What is expected: The response should hold each line from the entries below where "extrude" is found.

Data to use:
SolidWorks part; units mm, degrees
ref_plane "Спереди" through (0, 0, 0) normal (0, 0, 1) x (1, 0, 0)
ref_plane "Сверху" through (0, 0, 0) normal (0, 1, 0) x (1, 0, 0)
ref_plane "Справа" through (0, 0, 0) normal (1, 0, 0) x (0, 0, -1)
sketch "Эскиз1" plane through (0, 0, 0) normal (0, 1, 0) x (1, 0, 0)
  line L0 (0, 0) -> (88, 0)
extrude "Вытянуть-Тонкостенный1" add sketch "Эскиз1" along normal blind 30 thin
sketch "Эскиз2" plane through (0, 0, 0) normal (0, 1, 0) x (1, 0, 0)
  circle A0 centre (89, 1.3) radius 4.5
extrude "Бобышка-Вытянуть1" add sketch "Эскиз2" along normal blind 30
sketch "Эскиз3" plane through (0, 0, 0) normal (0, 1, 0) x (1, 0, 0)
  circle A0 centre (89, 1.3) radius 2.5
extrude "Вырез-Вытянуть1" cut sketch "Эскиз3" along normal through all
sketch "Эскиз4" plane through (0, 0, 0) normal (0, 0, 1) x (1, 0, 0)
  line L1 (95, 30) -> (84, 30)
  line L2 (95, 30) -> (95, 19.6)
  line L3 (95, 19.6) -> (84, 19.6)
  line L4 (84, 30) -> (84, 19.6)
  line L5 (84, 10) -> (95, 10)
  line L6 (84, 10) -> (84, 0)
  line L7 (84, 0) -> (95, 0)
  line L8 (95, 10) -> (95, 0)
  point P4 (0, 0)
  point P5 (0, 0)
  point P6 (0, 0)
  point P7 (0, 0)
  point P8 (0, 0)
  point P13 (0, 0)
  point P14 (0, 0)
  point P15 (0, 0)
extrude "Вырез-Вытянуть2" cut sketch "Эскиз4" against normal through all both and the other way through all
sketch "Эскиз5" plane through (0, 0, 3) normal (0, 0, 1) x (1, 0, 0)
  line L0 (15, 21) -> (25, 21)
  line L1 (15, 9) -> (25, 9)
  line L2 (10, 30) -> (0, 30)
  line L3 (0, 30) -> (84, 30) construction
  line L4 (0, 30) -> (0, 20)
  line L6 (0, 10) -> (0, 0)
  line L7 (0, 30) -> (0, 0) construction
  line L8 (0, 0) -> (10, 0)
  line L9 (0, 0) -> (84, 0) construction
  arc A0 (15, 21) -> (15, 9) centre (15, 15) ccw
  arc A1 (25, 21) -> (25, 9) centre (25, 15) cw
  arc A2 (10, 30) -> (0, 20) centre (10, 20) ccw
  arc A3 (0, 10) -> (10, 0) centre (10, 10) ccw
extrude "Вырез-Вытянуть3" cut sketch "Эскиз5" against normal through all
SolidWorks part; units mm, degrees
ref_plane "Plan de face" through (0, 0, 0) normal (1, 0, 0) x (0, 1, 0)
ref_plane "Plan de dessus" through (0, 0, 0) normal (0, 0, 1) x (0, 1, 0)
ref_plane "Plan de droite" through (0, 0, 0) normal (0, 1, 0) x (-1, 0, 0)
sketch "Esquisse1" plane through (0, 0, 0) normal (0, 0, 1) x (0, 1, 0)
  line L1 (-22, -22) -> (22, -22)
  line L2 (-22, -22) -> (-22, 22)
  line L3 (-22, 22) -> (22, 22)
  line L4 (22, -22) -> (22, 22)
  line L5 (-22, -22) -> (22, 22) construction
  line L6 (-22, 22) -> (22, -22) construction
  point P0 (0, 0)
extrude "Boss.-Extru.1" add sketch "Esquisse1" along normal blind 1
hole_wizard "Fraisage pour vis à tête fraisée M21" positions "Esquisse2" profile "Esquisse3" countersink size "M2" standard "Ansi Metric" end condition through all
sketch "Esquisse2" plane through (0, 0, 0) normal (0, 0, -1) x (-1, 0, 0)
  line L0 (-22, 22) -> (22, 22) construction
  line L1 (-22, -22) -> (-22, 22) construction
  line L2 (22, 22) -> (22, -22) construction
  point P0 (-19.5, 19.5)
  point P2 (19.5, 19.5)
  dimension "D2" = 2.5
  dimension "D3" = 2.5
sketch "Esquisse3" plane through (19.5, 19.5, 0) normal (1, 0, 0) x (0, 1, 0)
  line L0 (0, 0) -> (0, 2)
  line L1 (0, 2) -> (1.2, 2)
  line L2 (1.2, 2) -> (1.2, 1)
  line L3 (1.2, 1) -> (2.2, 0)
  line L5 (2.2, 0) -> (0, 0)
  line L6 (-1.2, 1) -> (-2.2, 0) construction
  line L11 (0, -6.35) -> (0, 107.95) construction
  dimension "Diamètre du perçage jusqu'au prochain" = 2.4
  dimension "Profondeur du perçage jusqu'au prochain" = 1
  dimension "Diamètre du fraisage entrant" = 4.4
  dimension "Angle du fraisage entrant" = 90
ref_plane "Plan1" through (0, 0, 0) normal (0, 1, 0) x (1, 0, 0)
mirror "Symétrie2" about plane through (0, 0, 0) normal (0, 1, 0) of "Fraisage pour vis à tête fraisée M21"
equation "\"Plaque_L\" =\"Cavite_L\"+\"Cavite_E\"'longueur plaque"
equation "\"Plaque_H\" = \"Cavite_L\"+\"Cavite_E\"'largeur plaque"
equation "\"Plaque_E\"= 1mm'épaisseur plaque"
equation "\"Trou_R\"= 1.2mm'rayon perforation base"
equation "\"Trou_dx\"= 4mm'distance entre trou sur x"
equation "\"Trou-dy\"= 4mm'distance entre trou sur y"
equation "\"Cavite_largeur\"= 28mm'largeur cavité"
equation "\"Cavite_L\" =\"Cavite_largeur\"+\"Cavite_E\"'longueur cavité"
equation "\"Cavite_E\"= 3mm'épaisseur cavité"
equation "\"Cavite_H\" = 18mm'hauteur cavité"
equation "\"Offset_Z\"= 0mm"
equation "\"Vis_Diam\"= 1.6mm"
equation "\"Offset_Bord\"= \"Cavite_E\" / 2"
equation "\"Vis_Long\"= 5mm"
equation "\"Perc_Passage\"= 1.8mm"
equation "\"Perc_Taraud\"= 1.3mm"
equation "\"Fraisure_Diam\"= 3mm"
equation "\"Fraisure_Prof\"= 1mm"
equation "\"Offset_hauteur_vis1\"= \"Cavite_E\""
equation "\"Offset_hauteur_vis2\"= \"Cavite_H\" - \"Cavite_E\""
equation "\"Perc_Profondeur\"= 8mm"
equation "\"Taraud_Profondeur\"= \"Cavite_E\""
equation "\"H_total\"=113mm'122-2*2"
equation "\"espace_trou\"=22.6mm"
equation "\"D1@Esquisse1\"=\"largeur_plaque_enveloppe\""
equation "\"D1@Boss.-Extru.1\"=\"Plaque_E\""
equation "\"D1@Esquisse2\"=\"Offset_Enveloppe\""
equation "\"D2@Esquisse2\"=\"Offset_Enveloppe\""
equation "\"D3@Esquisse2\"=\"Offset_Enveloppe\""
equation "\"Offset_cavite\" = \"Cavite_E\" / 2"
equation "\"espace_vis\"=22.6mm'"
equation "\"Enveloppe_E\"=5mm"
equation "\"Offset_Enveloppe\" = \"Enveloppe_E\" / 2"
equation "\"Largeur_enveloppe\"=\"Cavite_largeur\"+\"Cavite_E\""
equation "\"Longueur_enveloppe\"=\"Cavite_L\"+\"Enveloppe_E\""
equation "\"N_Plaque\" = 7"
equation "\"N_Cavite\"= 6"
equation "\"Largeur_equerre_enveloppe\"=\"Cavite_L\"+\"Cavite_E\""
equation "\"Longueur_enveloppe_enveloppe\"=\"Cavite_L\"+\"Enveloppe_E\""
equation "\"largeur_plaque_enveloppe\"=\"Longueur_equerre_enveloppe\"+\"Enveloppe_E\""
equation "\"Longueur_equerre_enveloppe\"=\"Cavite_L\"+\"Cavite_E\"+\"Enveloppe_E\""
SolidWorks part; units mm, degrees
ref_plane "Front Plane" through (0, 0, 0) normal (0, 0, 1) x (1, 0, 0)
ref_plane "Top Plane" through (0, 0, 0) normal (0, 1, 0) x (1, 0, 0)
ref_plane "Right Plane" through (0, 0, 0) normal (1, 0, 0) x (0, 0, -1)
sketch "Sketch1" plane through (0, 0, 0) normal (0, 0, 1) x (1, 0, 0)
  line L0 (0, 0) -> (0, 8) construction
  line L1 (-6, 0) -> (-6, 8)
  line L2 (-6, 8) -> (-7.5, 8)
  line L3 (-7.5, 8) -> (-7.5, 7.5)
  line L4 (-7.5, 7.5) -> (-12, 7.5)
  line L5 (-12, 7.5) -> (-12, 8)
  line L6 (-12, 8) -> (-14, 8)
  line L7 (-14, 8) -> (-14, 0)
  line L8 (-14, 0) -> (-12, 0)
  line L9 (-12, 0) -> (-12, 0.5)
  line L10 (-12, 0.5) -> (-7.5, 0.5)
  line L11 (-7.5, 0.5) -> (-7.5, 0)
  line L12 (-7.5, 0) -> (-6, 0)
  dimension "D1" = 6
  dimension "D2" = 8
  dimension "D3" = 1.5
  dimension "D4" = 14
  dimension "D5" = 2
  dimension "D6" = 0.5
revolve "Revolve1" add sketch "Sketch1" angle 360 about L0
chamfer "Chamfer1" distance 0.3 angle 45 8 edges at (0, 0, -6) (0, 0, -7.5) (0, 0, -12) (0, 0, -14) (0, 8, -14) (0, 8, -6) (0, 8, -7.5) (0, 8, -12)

Result:
extrude "Вытянуть-Тонкостенный1" add sketch "Эскиз1" along normal blind 30 thin
extrude "Бобышка-Вытянуть1" add sketch "Эскиз2" along normal blind 30
extrude "Вырез-Вытянуть1" cut sketch "Эскиз3" along normal through all
extrude "Вырез-Вытянуть2" cut sketch "Эскиз4" against normal through all both and the other way through all
extrude "Вырез-Вытянуть3" cut sketch "Эскиз5" against normal through all
extrude "Boss.-Extru.1" add sketch "Esquisse1" along normal blind 1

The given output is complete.